SHANOOR SEERVAI: Yeah. Many people in the U.S. are unhappy about how much health care costs here, but since we don’t have a universal public insurance program, neither political party has been able to fix this this cost problem. Do you think a political change in Canada could lead to a different sort of health system in the future?
CHRISTOPHER HAYES: Well I think its publicly funded nature is something that politicians would venture very carefully into coming up with different models.
SHANOOR SEERVAI: Why?
CHRISTOPHER HAYES: I just think it’s a belief that it will then become an unregulated market-driven product. And I think that’s because of our naivety in what is happening in the world versus what is happening in the U.S. Because if you look at France and Germany, and many European countries, they are — a lot of them are very privatized, but they’ve been — the government plays a strong role in regulating costs and mandating that people sign up. Anything to reduce the overall cost, because we cost the same as they do, but there is third-party insurers in there. So it’s not just private versus public. I think it’s private equals U.S. health care system.

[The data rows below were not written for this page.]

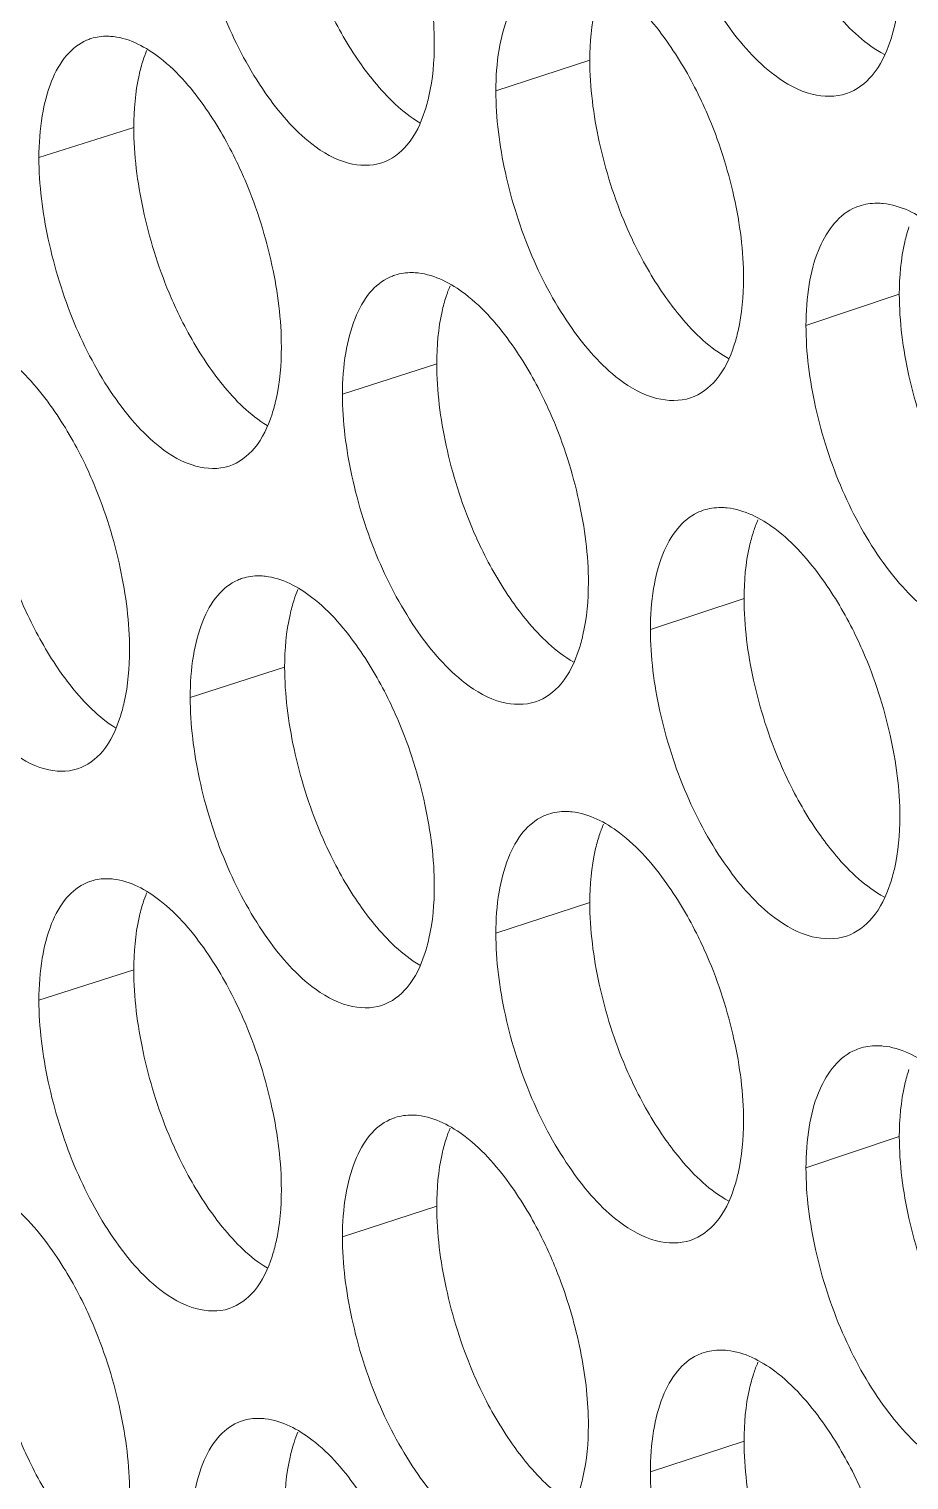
# Model space of a CAD drawing. Header units: millimetres. Extents: x 1177 to 4147, y 93 to 2194.
# Drawn here: x 2505.62 to 2513.85, y 975.15 to 988.72 of the extents above; entities that cross this region are included whole.
import ezdxf

# ---------------------------------------------------------------- set-up
doc = ezdxf.new("R2010")
doc.units = ezdxf.units.MM
doc.header["$LTSCALE"] = 0.1
doc.layers.get('0').update_dxf_attribs({"lineweight": 13})
doc.layers.add('标注', color=251, linetype='Continuous', lineweight=9)

# ---------------------------------------------------------------- blocks, each defined once
blk = doc.blocks.new('02')
at = {"layer": '标注'}
for p, q in [((4356.084, 1003.305), (4354.829, 1002.894)), ((4349.993, 1002.405), (4348.726, 1002.003)), ((4349.993, 1002.405), (4348.726, 1002.003)), ((4360.218, 1000.179), (4358.971, 999.762)), ((4354.039, 999.25), (4352.78, 998.842)), ((4354.039, 999.25), (4352.78, 998.842)), ((4358.144, 996.114), (4356.893, 995.701)), ((4358.144, 996.114), (4356.893, 995.701)), ((4352.008, 995.2), (4350.746, 994.795)), ((4356.084, 992.055), (4354.829, 991.644)), ((4349.993, 991.155), (4348.726, 990.753)), ((4360.218, 988.929), (4358.971, 988.512)), ((4354.039, 988), (4352.78, 987.592)), ((4358.144, 984.864), (4356.893, 984.451))]:
    blk.add_line(p, q, dxfattribs=at)
for centre, radius, start, end in [((4349.619, 1002.971), 0.651, 107.6638, 113.1281), ((4349.619, 1002.971), 0.651, 107.6638, 113.1281), ((4351.866, 1002.741), 1.837, 157.8589, 162.2429), ((4351.866, 1002.741), 1.837, 157.8589, 162.2429), ((4359.904, 1000.693), 0.699, 108.5345, 115.9025), ((4353.688, 999.795), 0.67, 108.0096, 114.2633), ((4353.688, 999.795), 0.67, 108.0096, 114.2633), ((4355.89, 999.588), 1.814, 157.2003, 162.034), ((4355.89, 999.588), 1.814, 157.2003, 162.034), ((4357.817, 996.639), 0.689, 108.3587, 115.3644), ((4357.817, 996.639), 0.689, 108.3587, 115.3644), ((4351.646, 995.756), 0.661, 107.8363, 113.7), ((4353.87, 995.537), 1.825, 157.5283, 162.138), ((4355.745, 992.59), 0.68, 108.1838, 114.818), ((4349.619, 991.721), 0.651, 107.6638, 113.1281), ((4351.866, 991.491), 1.837, 157.8589, 162.2429), ((4359.904, 989.443), 0.699, 108.5345, 115.9025), ((4353.688, 988.545), 0.67, 108.0096, 114.2633), ((4355.89, 988.338), 1.814, 157.2003, 162.034), ((4350.072, 984.925), 5.992, 20.0336, 23.1528), ((4357.817, 985.389), 0.689, 108.3587, 115.3644), ((4351.646, 984.506), 0.661, 107.8363, 113.7), ((4353.87, 984.287), 1.825, 157.5283, 162.138)]:
    blk.add_arc(centre, radius, start, end, dxfattribs=at)
for points, knots in [([(4356.893, 1006.951), (4356.893, 1006.585), (4356.993, 1005.829), (4357.336, 1004.751), (4357.852, 1003.809), (4358.306, 1003.287), (4358.554, 1003.101)], [0, 0, 0, 0, 0.255058, 0.526721, 0.783925, 1, 1, 1, 1]), ([(4350.746, 1006.045), (4350.746, 1005.679), (4350.844, 1004.923), (4351.18, 1003.844), (4351.684, 1002.899), (4352.128, 1002.373), (4352.372, 1002.184)], [0, 0, 0, 0, 0.255639, 0.527795, 0.784925, 1, 1, 1, 1]), ([(4354.007, 1003.523), (4354.007, 1003.889), (4353.908, 1004.644), (4353.68, 1005.369), (4353.528, 1005.728)], [0, 0, 0, 0, 0.484282, 1, 1, 1, 1]), ([(4355.46, 1004.457), (4355.358, 1004.409), (4355.162, 1004.246), (4354.971, 1003.885), (4354.852, 1003.421), (4354.829, 1003.078), (4354.829, 1002.894)], [0, 0, 0, 0, 0.191473, 0.417182, 0.686837, 1, 1, 1, 1]), ([(4357.112, 1003.557), (4356.932, 1003.81), (4356.581, 1004.225), (4356.076, 1004.491), (4355.847, 1004.516)], [0, 0, 0, 0, 0.573616, 1, 1, 1, 1]), ([(4360.096, 1003.554), (4360.118, 1003.619), (4360.198, 1003.912), (4360.225, 1004.217), (4360.225, 1004.451)], [0, 0, 0, 0, 0.226935, 1, 1, 1, 1]), ([(4352.483, 1004.243), (4352.52, 1004.155), (4352.671, 1003.819), (4352.855, 1003.497), (4353.01, 1003.273)], [0, 0, 0, 0, 0.260055, 1, 1, 1, 1]), ([(4356.211, 1004.202), (4356.189, 1004.137), (4356.11, 1003.844), (4356.084, 1003.539), (4356.084, 1003.305)], [0, 0, 0, 0, 0.226582, 1, 1, 1, 1]), ([(4359.168, 1004.194), (4359.233, 1004.104), (4359.473, 1003.792), (4359.769, 1003.512), (4360.019, 1003.378)], [0, 0, 0, 0, 0.282708, 1, 1, 1, 1]), ([(4349.722, 1003.618), (4349.696, 1003.621), (4349.595, 1003.628), (4349.493, 1003.614), (4349.421, 1003.592)], [0, 0, 0, 0, 0.258969, 1, 1, 1, 1]), ([(4349.722, 1003.618), (4349.696, 1003.621), (4349.595, 1003.628), (4349.493, 1003.614), (4349.421, 1003.592)], [0, 0, 0, 0, 0.258969, 1, 1, 1, 1]), ([(4349.363, 1003.57), (4349.26, 1003.526), (4349.062, 1003.366), (4348.869, 1003.005), (4348.75, 1002.537), (4348.726, 1002.19), (4348.726, 1002.003)], [0, 0, 0, 0, 0.188951, 0.413428, 0.683995, 1, 1, 1, 1]), ([(4349.363, 1003.57), (4349.26, 1003.526), (4349.062, 1003.366), (4348.869, 1003.005), (4348.75, 1002.537), (4348.726, 1002.19), (4348.726, 1002.003)], [0, 0, 0, 0, 0.188951, 0.413428, 0.683995, 1, 1, 1, 1]), ([(4350.96, 1002.651), (4350.785, 1002.903), (4350.444, 1003.319), (4349.948, 1003.591), (4349.722, 1003.618)], [0, 0, 0, 0, 0.575826, 1, 1, 1, 1]), ([(4350.96, 1002.651), (4350.785, 1002.903), (4350.444, 1003.319), (4349.948, 1003.591), (4349.722, 1003.618)], [0, 0, 0, 0, 0.575826, 1, 1, 1, 1]), ([(4353.881, 1002.626), (4353.902, 1002.691), (4353.981, 1002.984), (4354.007, 1003.289), (4354.007, 1003.523)], [0, 0, 0, 0, 0.226518, 1, 1, 1, 1]), ([(4357.651, 1002.59), (4357.613, 1002.678), (4357.458, 1003.013), (4357.271, 1003.334), (4357.112, 1003.557)], [0, 0, 0, 0, 0.259768, 1, 1, 1, 1]), ([(4359.513, 1002.857), (4359.646, 1002.902), (4359.909, 1003.102), (4360.042, 1003.392), (4360.096, 1003.554)], [0, 0, 0, 0, 0.451001, 1, 1, 1, 1]), ([(4350.117, 1003.302), (4350.096, 1003.236), (4350.018, 1002.944), (4349.993, 1002.639), (4349.993, 1002.405)], [0, 0, 0, 0, 0.226169, 1, 1, 1, 1]), ([(4350.117, 1003.302), (4350.096, 1003.236), (4350.018, 1002.944), (4349.993, 1002.639), (4349.993, 1002.405)], [0, 0, 0, 0, 0.226169, 1, 1, 1, 1]), ([(4353.01, 1003.273), (4353.072, 1003.185), (4353.3, 1002.882), (4353.577, 1002.607), (4353.813, 1002.468)], [0, 0, 0, 0, 0.28193, 1, 1, 1, 1]), ([(4356.084, 1003.305), (4356.084, 1002.939), (4356.183, 1002.183), (4356.412, 1001.458), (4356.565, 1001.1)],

SHANOOR SEERVAI: To close, Chris, if you had to choose between the health care system you have in Canada and what the U.S. has, which would you pick?
CHRISTOPHER HAYES: So that’s not a simple question, and therefore not a simple answer. I think there are — so some of the downsides to having a publicly funded, government-run health care system is that it’s hard to innovate in that space. I truly believe that there are some places in the U.S. that have absolutely amazing health care that we could only dream of in Canada, and are innovating faster than we would ever. Because there is a market forces aspect to what is driving these leaders. And we don’t have that. And so I think that — I think that we have pretty great health care here, now again I am a practicing physician doing quite well. And I would feel for my kids who I hope that they would be as fortunate to be able to not worry about health care, the cost of health care.
So I would want somewhere in between — I think we need to spend more on market-driven innovation forces in the Canadian health care system that don’t come with — necessarily come with market-driven economics.
SHANOOR SEERVAI: Thanks for listening.